▶ [Prompt]:
Take the lines below beginning at the line that has "system Traj_track_mec_MAS/Robot 1" and stopping after the line that has "Inverse Mapping : MATLAB", and print them exactly as they are, with no other lines.

Collection entries:
========================================

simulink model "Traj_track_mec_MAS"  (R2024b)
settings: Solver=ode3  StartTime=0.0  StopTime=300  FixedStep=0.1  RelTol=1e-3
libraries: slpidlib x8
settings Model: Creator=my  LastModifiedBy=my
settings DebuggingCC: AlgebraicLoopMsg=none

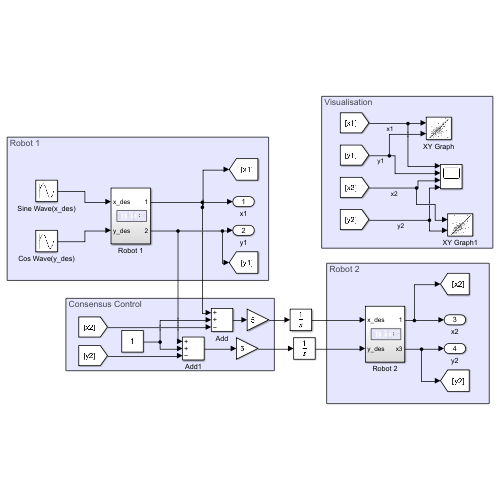
[thumbnail: Simulink's stored preview of the top-level diagram]
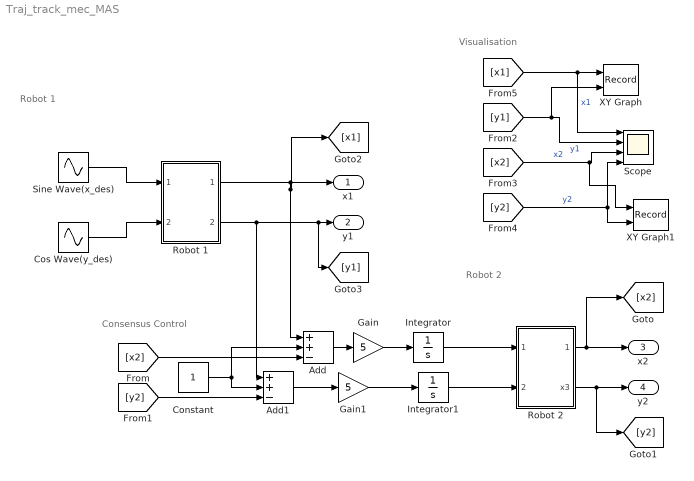
== system Traj_track_mec_MAS ==
  note: Visualisation
  note: Robot 2
  note: Robot 1
  note: Consensus Control
  Add : Sum  Inputs=++-
  Add1 : Sum  Inputs=++-
  Constant : Constant
  Cos Wave(y_des) : Sin  Frequency=0.1  Phase=pi/2  SampleTime=0
  Gain : Gain  Gain=5
  Gain1 : Gain  Gain=5
  Integrator : Integrator
  Integrator1 : Integrator
  Robot 1 : Subsystem
  Robot 2 : Subsystem
  Scope : Scope  NumInputPorts=4
  Sine Wave(x_des) : Sin  Frequency=0.1  SampleTime=0
  XY Graph : Record  FileSettingsInternal="{\"entries\":[{\"content\":{\"excelSettings\":{\"content\":{},\"type\":\"Streamout.ExcelSettings\"}},\"type\":\"Streamout.FileSettingStorage\",\"uuid\":\"\"}],\"packageUris\":[\"http:\\/\\/schema.mathworks.com\\/mf0\\/streamout_blocks\\/R2020a\"],\"version\":\"1.0\"}"  Layout=[1 1]  SignalsInternal="{\"entries\":[{\"content\":{\"signals\":[{\"content\":{\"blockPath\":[],\"dimensions\":[1],\"domain\":\"\",\"lineColor\":\"#a2142f\",\"plots\":[ 1 ],\"port\":1,\"sid\":[\"\"],\"signalID\":1,\"signalName\":\"x1\"},\"type\":\"RecordBlkView.Signal\",\"uuid\":\"\"},{\"content\":{\"blockPath\":[],\"dimensions\":[1],\"domain\":\"\",\"lineColor\":\"#139fff\",\"plots\":[ 1 ],\"port\":2,\"sid\":[\"\"],\"signalID\":2,\"signalName\":\"y1\"},\"type\":\"RecordBlkView.Signal\",\"uuid\":\"\"}]},\"type\":\"RecordBlkView.InputSignals\",\"uuid\":\"\"}],\"packageUris\":[\"http:\\/\\/schema.mathworks.com\\/mf0\\/streamout_blocks\\/R2020a\"],\"version\":\"1.0\"}"  VisualizationBindings="{\"xyplotplugin\":{\"info\":[{\"series\":[{\"bindingParametersList\":[{\"parameter\":\"X-Axis\",\"signalID\":1,\"signalName\":\"x1\"},{\"parameter\":\"Y-Axis\",\"signalID\":2,\"signalName\":\"y1\"}],\"seriesID\":0}],\"subplotID\":1}]}}"  CompatibilityTag=XY
  XY Graph1 : Record  FileSettingsInternal="{\"entries\":[{\"content\":{\"excelSettings\":{\"content\":{},\"type\":\"Streamout.ExcelSettings\"}},\"type\":\"Streamout.FileSettingStorage\",\"uuid\":\"\"}],\"packageUris\":[\"http:\\/\\/schema.mathworks.com\\/mf0\\/streamout_blocks\\/R2020a\"],\"version\":\"1.0\"}"  Layout=[1 1]  SignalsInternal="{\"entries\":[{\"content\":{\"signals\":[{\"content\":{\"blockPath\":[],\"dimensions\":[1],\"domain\":\"\",\"lineColor\":\"#a2142f\",\"plots\":[ 1 ],\"port\":1,\"sid\":[\"\"],\"signalID\":1,\"signalName\":\"x2\"},\"type\":\"RecordBlkView.Signal\",\"uuid\":\"\"},{\"content\":{\"blockPath\":[],\"dimensions\":[1],\"domain\":\"\",\"lineColor\":\"#139fff\",\"plots\":[ 1 ],\"port\":2,\"sid\":[\"\"],\"signalID\":2,\"signalName\":\"y2\"},\"type\":\"RecordBlkView.Signal\",\"uuid\":\"\"}]},\"type\":\"RecordBlkView.InputSignals\",\"uuid\":\"\"}],\"packageUris\":[\"http:\\/\\/schema.mathworks.com\\/mf0\\/streamout_blocks\\/R2020a\"],\"version\":\"1.0\"}"  VisualizationBindings="{\"xyplotplugin\":{\"info\":[{\"series\":[{\"bindingParametersList\":[{\"parameter\":\"X-Axis\",\"signalID\":1,\"signalName\":\"x2\"},{\"parameter\":\"Y-Axis\",\"signalID\":2,\"signalName\":\"y2\"}],\"seriesID\":0}],\"subplotID\":1}]}}"  CompatibilityTag=XY
  x1 : Outport
  y1 : Outport  Port=2
  x2 : Outport  Port=3
  y2 : Outport  Port=4
  wires:
  Sine Wave(x_des)/1 -> Robot 1/1(x_des)
  Cos Wave(y_des)/1 -> Robot 1/2(y_des)
  Robot 1/2(Out2) -> Add1/1, [y1], y1/1
  Robot 2/1(Out1) -> [x2], x2/1
  Robot 2/2(x3) -> [y2], y2/1
  Add/1 -> Gain/1
  Add1/1 -> Gain1/1
  Robot 1/1(Out1) -> [x1], Add/1, x1/1
  [x1] -> XY Graph/1, Scope/1  "x1"
  [y1] -> XY Graph/2, Scope/2  "y1"
  [x2] -> XY Graph1/1, Scope/3  "x2"
  [y2] -> XY Graph1/2, Scope/4  "y2"
  [x2] -> Add/3
  [y2] -> Add1/3
  Constant/1 -> Add/2, Add1/2
  Gain/1 -> Integrator/1
  Integrator/1 -> Robot 2/1(x_des)
  Gain1/1 -> Integrator1/1
  Integrator1/1 -> Robot 2/2(y_des)

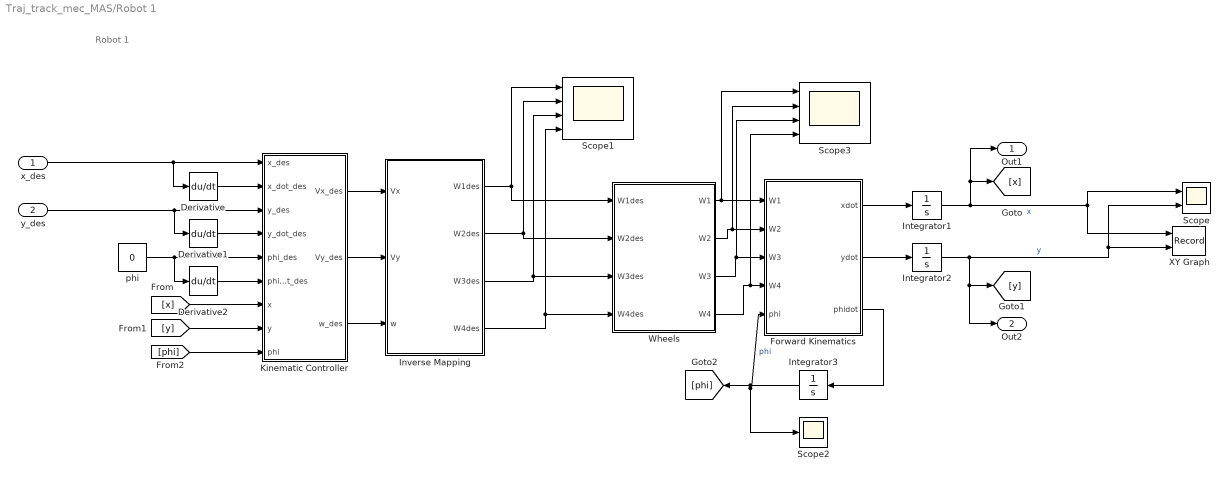
== system Traj_track_mec_MAS/Robot 1 ==
  note: Robot 1
  x_des : Inport
  y_des : Inport  Port=2
  Derivative : Derivative
  Derivative1 : Derivative
  Derivative2 : Derivative
  Forward Kinematics : MATLAB Function  TreatAsAtomicUnit=on
  Integrator1 : Integrator
  Integrator2 : Integrator
  Integrator3 : Integrator
  Inverse Mapping : MATLAB Function  TreatAsAtomicUnit=on
  Kinematic Controller : MATLAB Function  TreatAsAtomicUnit=on
  Scope : Scope  NumInputPorts=2
  Scope1 : Scope  NumInputPorts=4
  Scope2 : Scope
  Scope3 : Scope  NumInputPorts=4
  Wheels : Subsystem
  XY Graph : Record  FileSettingsInternal="{\"entries\":[{\"content\":{\"excelSettings\":{\"content\":{},\"type\":\"Streamout.ExcelSettings\"}},\"type\":\"Streamout.FileSettingStorage\",\"uuid\":\"\"}],\"packageUris\":[\"http:\\/\\/schema.mathworks.com\\/mf0\\/streamout_blocks\\/R2020a\"],\"version\":\"1.0\"}"  Layout=[1 1]  SignalsInternal="{\"entries\":[{\"content\":{\"signals\":[{\"content\":{\"blockPath\":[],\"dimensions\":[1],\"domain\":\"\",\"lineColor\":\"#a2142f\",\"plots\":[ 1 ],\"port\":1,\"sid\":[\"\"],\"signalID\":1,\"signalName\":\"x\"},\"type\":\"RecordBlkView.Signal\",\"uuid\":\"\"},{\"content\":{\"blockPath\":[],\"dimensions\":[1],\"domain\":\"\",\"lineColor\":\"#139fff\",\"plots\":[ 1 ],\"port\":2,\"sid\":[\"\"],\"signalID\":2,\"signalName\":\"y\"},\"type\":\"RecordBlkView.Signal\",\"uuid\":\"\"}]},\"type\":\"RecordBlkView.InputSignals\",\"uuid\":\"\"}],\"packageUris\":[\"http:\\/\\/schema.mathworks.com\\/mf0\\/streamout_blocks\\/R2020a\"],\"version\":\"1.0\"}"  VisualizationBindings="{\"xyplotplugin\":{\"info\":[{\"series\":[{\"bindingParametersList\":[{\"parameter\":\"X-Axis\",\"signalID\":1,\"signalName\":\"x\"},{\"parameter\":\"Y-Axis\",\"signalID\":2,\"signalName\":\"y\"}],\"seriesID\":0}],\"subplotID\":1}]}}"  CompatibilityTag=XY
  phi : Constant  Value=0
  Out1 : Outport
  Out2 : Outport  Port=2
  wires:
  Inverse Mapping/2(W2des) -> Wheels/2(W2des), Scope1/2
  y_des/1 -> Derivative1/1, Kinematic Controller/3(y_des)
  Derivative2/1 -> Kinematic Controller/6(phi_dot_des)
  Wheels/2(W2) -> Scope3/2, Forward Kinematics/2(W2)
  Inverse Mapping/3(W3des) -> Scope1/3, Wheels/3(W3des)
  Forward Kinematics/3(phidot) -> Integrator3/1
  x_des/1 -> Derivative/1, Kinematic Controller/1(x_des)
  Derivative/1 -> Kinematic Controller/2(x_dot_des)
  Integrator3/1 -> [phi], Forward Kinematics/5(phi), Scope2/1  "phi"
  Derivative1/1 -> Kinematic Controller/4(y_dot_des)
  Integrator2/1 -> XY Graph/2, Scope/2, Out2/1, [y]  "y"
  phi/1 -> Kinematic Controller/5(phi_des), Derivative2/1
  Integrator1/1 -> XY Graph/1, Scope/1, Out1/1, [x]  "x"
  Inverse Mapping/4(W4des) -> Scope1/4, Wheels/4(W4des)
  Kinematic Controller/1(Vx_des) -> Inverse Mapping/1(Vx)
  Wheels/1(W1) -> Scope3/1, Forward Kinematics/1(W1)
  Kinematic Controller/3(w_des) -> Inverse Mapping/3(w)
  [x] -> Kinematic Controller/7(x)
  Wheels/4(W4) -> Scope3/4, Forward Kinematics/4(W4)
  Inverse Mapping/1(W1des) -> Wheels/1(W1des), Scope1/1
  Forward Kinematics/1(xdot) -> Integrator1/1
  [y] -> Kinematic Controller/8(y)
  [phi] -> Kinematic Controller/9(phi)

========================================

▶ [Result of the exercise]:
== system Traj_track_mec_MAS/Robot 1 ==
  note: Robot 1
  x_des : Inport
  y_des : Inport  Port=2
  Derivative : Derivative
  Derivative1 : Derivative
  Derivative2 : Derivative
  Forward Kinematics : MATLAB Function  TreatAsAtomicUnit=on
  Integrator1 : Integrator
  Integrator2 : Integrator
  Integrator3 : Integrator
  Inverse Mapping : MATLAB Function  TreatAsAtomicUnit=on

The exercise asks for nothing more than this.